As this is my first time contribute to Kubernetes, do you think I should start with this issue? Thank you

i think this is a challenging issue to take on as a first issue by yourself. it might be a nice thing to pair on with someone else who might be able to set the foundational patterns. once we have the basic building block for how this will be done, it should be relatively straight forward to make the changes to all the metric collection function. i think the initial design work might be difficult to take on if you are not familiar with this code base.

if you feel comfortable setting up the cluster-autoscaler and investigating the metrics output, then it might be a good issue to take on. it depends on how familiar with kubernetes you are, and how you feel about doing this type of setup and testing.

@vadasambar can you help me with setup my machine? I really want to learn so with this issues, I think I can gain a great understanding of Kubernetes

MaciekPytel commented 1 year ago

+1 to @Bryce-Soghigian, this is exactly why we haven't done it in the past. It also means we probably shouldn't change the default behavior as it could easily break people running either very large clusters or large number of clusters (use-case here is a single monitoring panel for, let's say, 100 clusters).

I see no reason why we couldn't add per-nodegroup metrics as an opt-in behind a flag, but I'd consider adding those as new metrics with different names rather than conditionally adding labels to existing metrics (so - add "nodes_count_per_nodegroup" instead of adding "nodegroup" label to "nodes_count"). The reason is simply to minimize confusion and avoid problems when someone tries to join metrics from two different clusters and don't realize they're using different set of labels.

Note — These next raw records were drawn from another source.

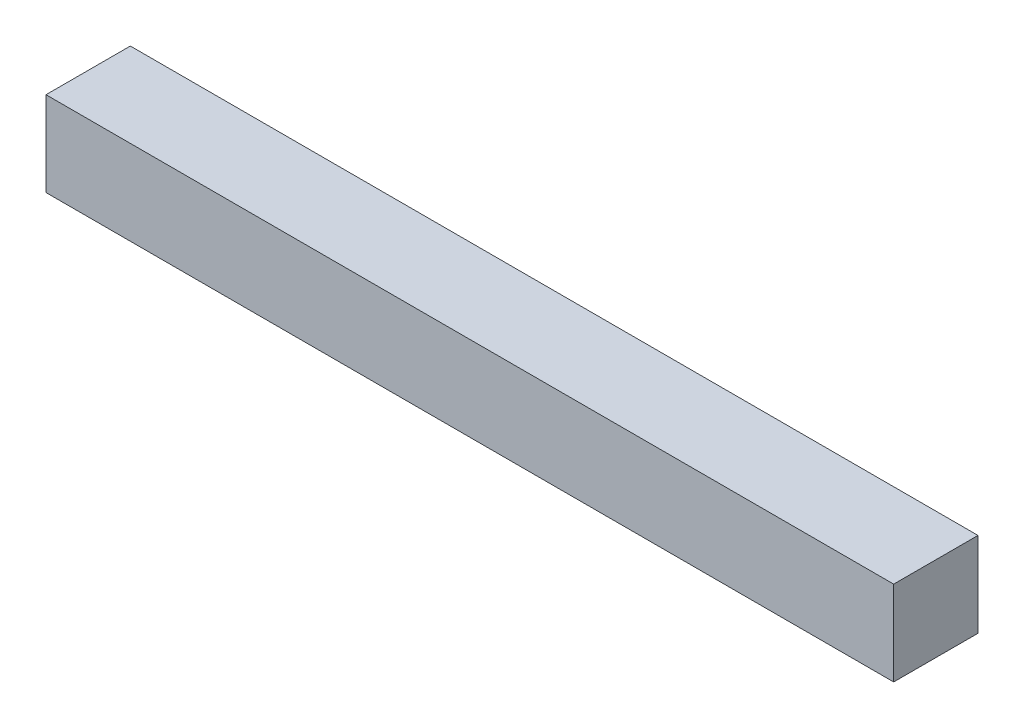
ISO-10303-21;
HEADER;
FILE_DESCRIPTION(('STEP AP214'),'2;1');
FILE_NAME('part.step','',(''),(''),'','','');
FILE_SCHEMA(('AUTOMOTIVE_DESIGN { 1 0 10303 214 1 1 1 1 }'));
ENDSEC;
DATA;
#1=APPLICATION_CONTEXT('core data for automotive mechanical design processes');
#2=APPLICATION_PROTOCOL_DEFINITION('international standard','automotive_design',2000,#1);
#3=PRODUCT_CONTEXT('',#1,'mechanical');
#4=PRODUCT('Part','Part','',(#3));
#5=PRODUCT_RELATED_PRODUCT_CATEGORY('part','',(#4));
#6=PRODUCT_DEFINITION_FORMATION('','',#4);
#7=PRODUCT_DEFINITION_CONTEXT('part definition',#1,'design');
#8=PRODUCT_DEFINITION('design','',#6,#7);
#9=PRODUCT_DEFINITION_SHAPE('','',#8);
#10=(LENGTH_UNIT() NAMED_UNIT(*) SI_UNIT(.MILLI.,.METRE.));
#11=(NAMED_UNIT(*) PLANE_ANGLE_UNIT() SI_UNIT($,.RADIAN.));
#12=(NAMED_UNIT(*) SI_UNIT($,.STERADIAN.) SOLID_ANGLE_UNIT());
#13=UNCERTAINTY_MEASURE_WITH_UNIT(LENGTH_MEASURE(1.E-05),#10,'distance_accuracy_value','');
#14=(GEOMETRIC_REPRESENTATION_CONTEXT(3) GLOBAL_UNCERTAINTY_ASSIGNED_CONTEXT((#13)) GLOBAL_UNIT_ASSIGNED_CONTEXT((#10,
#11,#12)) REPRESENTATION_CONTEXT('',''));
#15=CARTESIAN_POINT('',(0.,0.,0.));
#16=DIRECTION('',(0.,0.,1.));
#17=DIRECTION('',(1.,0.,0.));
#18=AXIS2_PLACEMENT_3D('',#15,#16,#17);
#19=CARTESIAN_POINT('',(0.,19.05,0.));
#20=DIRECTION('',(1.,0.,0.));
#21=DIRECTION('',(0.,0.,-1.));
#22=AXIS2_PLACEMENT_3D('',#19,#20,#21);
#23=PLANE('',#22);
#24=DIRECTION('',(0.,0.,1.));
#25=VECTOR('',#24,1.);
#26=CARTESIAN_POINT('',(0.,0.,0.));
#27=LINE('',#26,#25);
#28=CARTESIAN_POINT('',(0.,0.,-18.9507392397463));
#29=VERTEX_POINT('',#28);
#30=CARTESIAN_POINT('',(0.,0.,0.));
#31=VERTEX_POINT('',#30);
#32=EDGE_CURVE('E98',#29,#31,#27,.T.);
#33=ORIENTED_EDGE('',*,*,#32,.T.);
#34=DIRECTION('',(0.,-1.,0.));
#35=VECTOR('',#34,1.);
#36=CARTESIAN_POINT('',(0.,19.05,0.));
#37=LINE('',#36,#35);
#38=CARTESIAN_POINT('',(0.,19.05,0.));
#39=VERTEX_POINT('',#38);
#40=EDGE_CURVE('E11',#39,#31,#37,.T.);
#41=ORIENTED_EDGE('',*,*,#40,.F.);
#42=DIRECTION('',(0.,0.,1.));
#43=VECTOR('',#42,1.);
#44=CARTESIAN_POINT('',(0.,19.05,0.));
#45=LINE('',#44,#43);
#46=CARTESIAN_POINT('',(0.,19.05,-18.9507392397463));
#47=VERTEX_POINT('',#46);
#48=EDGE_CURVE('E86',#47,#39,#45,.T.);
#49=ORIENTED_EDGE('',*,*,#48,.F.);
#50=DIRECTION('',(0.,-1.,0.));
#51=VECTOR('',#50,1.);
#52=CARTESIAN_POINT('',(0.,19.05,-18.9507392397463));
#53=LINE('',#52,#51);
#54=EDGE_CURVE('E94',#47,#29,#53,.T.);
#55=ORIENTED_EDGE('',*,*,#54,.T.);
#56=EDGE_LOOP('',(#33,#41,#49,#55));
#57=FACE_BOUND('',#56,.T.);
#58=ADVANCED_FACE('F35',(#57),#23,.F.);
#59=CARTESIAN_POINT('',(0.,19.05,0.));
#60=DIRECTION('',(0.,0.,-1.));
#61=DIRECTION('',(-1.,0.,0.));
#62=AXIS2_PLACEMENT_3D('',#59,#60,#61);
#63=PLANE('',#62);
#64=DIRECTION('',(1.,0.,0.));
#65=VECTOR('',#64,1.);
#66=CARTESIAN_POINT('',(0.,0.,0.));
#67=LINE('',#66,#65);
#68=CARTESIAN_POINT('',(190.5,0.,0.));
#69=VERTEX_POINT('',#68);
#70=EDGE_CURVE('E90',#31,#69,#67,.T.);
#71=ORIENTED_EDGE('',*,*,#70,.T.);
#72=DIRECTION('',(0.,-1.,0.));
#73=VECTOR('',#72,1.);
#74=CARTESIAN_POINT('',(190.5,19.05,0.));
#75=LINE('',#74,#73);
#76=CARTESIAN_POINT('',(190.5,19.05,0.));
#77=VERTEX_POINT('',#76);
#78=EDGE_CURVE('E43',#77,#69,#75,.T.);
#79=ORIENTED_EDGE('',*,*,#78,.F.);
#80=DIRECTION('',(1.,0.,0.));
#81=VECTOR('',#80,1.);
#82=CARTESIAN_POINT('',(0.,19.05,0.));
#83=LINE('',#82,#81);
#84=EDGE_CURVE('E81',#39,#77,#83,.T.);
#85=ORIENTED_EDGE('',*,*,#84,.F.);
#86=ORIENTED_EDGE('',*,*,#40,.T.);
#87=EDGE_LOOP('',(#71,#79,#85,#86));
#88=FACE_BOUND('',#87,.T.);
#89=ADVANCED_FACE('F89',(#88),#63,.F.);
#90=CARTESIAN_POINT('',(190.5,19.05,0.));
#91=DIRECTION('',(-1.,0.,0.));
#92=DIRECTION('',(0.,0.,1.));
#93=AXIS2_PLACEMENT_3D('',#90,#91,#92);
#94=PLANE('',#93);
#95=DIRECTION('',(0.,0.,-1.));
#96=VECTOR('',#95,1.);
#97=CARTESIAN_POINT('',(190.5,0.,0.));
#98=LINE('',#97,#96);
#99=CARTESIAN_POINT('',(190.5,0.,-18.9507392397463));
#100=VERTEX_POINT('',#99);
#101=EDGE_CURVE('E68',#69,#100,#98,.T.);
#102=ORIENTED_EDGE('',*,*,#101,.T.);
#103=DIRECTION('',(0.,-1.,0.));
#104=VECTOR('',#103,1.);
#105=CARTESIAN_POINT('',(190.5,19.05,-18.9507392397463));
#106=LINE('',#105,#104);
#107=CARTESIAN_POINT('',(190.5,19.05,-18.9507392397463));
#108=VERTEX_POINT('',#107);
#109=EDGE_CURVE('E91',#108,#100,#106,.T.);
#110=ORIENTED_EDGE('',*,*,#109,.F.);
#111=DIRECTION('',(0.,0.,-1.));
#112=VECTOR('',#111,1.);
#113=CARTESIAN_POINT('',(190.5,19.05,0.));
#114=LINE('',#113,#112);
#115=EDGE_CURVE('E84',#77,#108,#114,.T.);
#116=ORIENTED_EDGE('',*,*,#115,.F.);
#117=ORIENTED_EDGE('',*,*,#78,.T.);
#118=EDGE_LOOP('',(#102,#110,#116,#117));
#119=FACE_BOUND('',#118,.T.);
#120=ADVANCED_FACE('F92',(#119),#94,.F.);
#121=CARTESIAN_POINT('',(0.,19.05,-18.9507392397463));
#122=DIRECTION('',(0.,0.,1.));
#123=DIRECTION('',(1.,0.,0.));
#124=AXIS2_PLACEMENT_3D('',#121,#122,#123);
#125=PLANE('',#124);
#126=DIRECTION('',(-1.,0.,0.));
#127=VECTOR('',#126,1.);
#128=CARTESIAN_POINT('',(0.,0.,-18.9507392397463));
#129=LINE('',#128,#127);
#130=EDGE_CURVE('E74',#100,#29,#129,.T.);
#131=ORIENTED_EDGE('',*,*,#130,.T.);
#132=ORIENTED_EDGE('',*,*,#54,.F.);
#133=DIRECTION('',(-1.,0.,0.));
#134=VECTOR('',#133,1.);
#135=CARTESIAN_POINT('',(0.,19.05,-18.9507392397463));
#136=LINE('',#135,#134);
#137=EDGE_CURVE('E51',#108,#47,#136,.T.);
#138=ORIENTED_EDGE('',*,*,#137,.F.);
#139=ORIENTED_EDGE('',*,*,#109,.T.);
#140=EDGE_LOOP('',(#131,#132,#138,#139));
#141=FACE_BOUND('',#140,.T.);
#142=ADVANCED_FACE('F105',(#141),#125,.F.);
#143=CARTESIAN_POINT('',(0.,19.05,0.));
#144=DIRECTION('',(0.,-1.,0.));
#145=DIRECTION('',(0.,0.,-1.));
#146=AXIS2_PLACEMENT_3D('',#143,#144,#145);
#147=PLANE('',#146);
#148=ORIENTED_EDGE('',*,*,#48,.T.);
#149=ORIENTED_EDGE('',*,*,#84,.T.);
#150=ORIENTED_EDGE('',*,*,#115,.T.);
#151=ORIENTED_EDGE('',*,*,#137,.T.);
#152=EDGE_LOOP('',(#148,#149,#150,#151));
#153=FACE_BOUND('',#152,.T.);
#154=ADVANCED_FACE('F82',(#153),#147,.F.);
#155=CARTESIAN_POINT('',(0.,0.,0.));
#156=DIRECTION('',(0.,-1.,0.));
#157=DIRECTION('',(0.,0.,-1.));
#158=AXIS2_PLACEMENT_3D('',#155,#156,#157);
#159=PLANE('',#158);
#160=ORIENTED_EDGE('',*,*,#32,.F.);
#161=ORIENTED_EDGE('',*,*,#130,.F.);
#162=ORIENTED_EDGE('',*,*,#101,.F.);
#163=ORIENTED_EDGE('',*,*,#70,.F.);
#164=EDGE_LOOP('',(#160,#161,#162,#163));
#165=FACE_BOUND('',#164,.T.);
#166=ADVANCED_FACE('F108',(#165),#159,.T.);
#167=CLOSED_SHELL('',(#58,#89,#120,#142,#154,#166));
#168=MANIFOLD_SOLID_BREP('B2',#167);
#169=ADVANCED_BREP_SHAPE_REPRESENTATION('',(#18,#168),#14);
#170=SHAPE_DEFINITION_REPRESENTATION(#9,#169);
ENDSEC;
END-ISO-10303-21;

elmiko commented 1 year ago

but I'd consider adding those as new metrics with different names rather than conditionally adding labels to existing metrics (so - add "nodes_count_per_nodegroup" instead of adding "nodegroup" label to "nodes_count").

i think that makes some sense. it will make the implementation much easier, but will make the collection slightly more complex as users will need to setup another set of watches for the new metrics.

k8s-triage-robot commented 9 months ago

The Kubernetes project currently lacks enough contributors to adequately respond to all issues.

This bot triages un-triaged issues according to the following rules:

After 90d of inactivity, lifecycle/stale is applied
After 30d of inactivity since lifecycle/stale was applied, lifecycle/rotten is applied
After 30d of inactivity since lifecycle/rotten was applied, the issue is closed

You can:

Mark this issue as fresh with /remove-lifecycle stale
Close this issue with /close
Offer to help out with Issue Triage

Please send feedback to sig-contributor-experience at kubernetes/community.

/lifecycle stale

elmiko commented 9 months ago

i think this is a nice feature to have, but just needs someone to propose the changes. i'm happy to help someone understand this issue if they'd like to work on it.

/remove-lifecycle stale

k8s-triage-robot commented 3 months ago

The Kubernetes project currently lacks enough contributors to adequately respond to all issues.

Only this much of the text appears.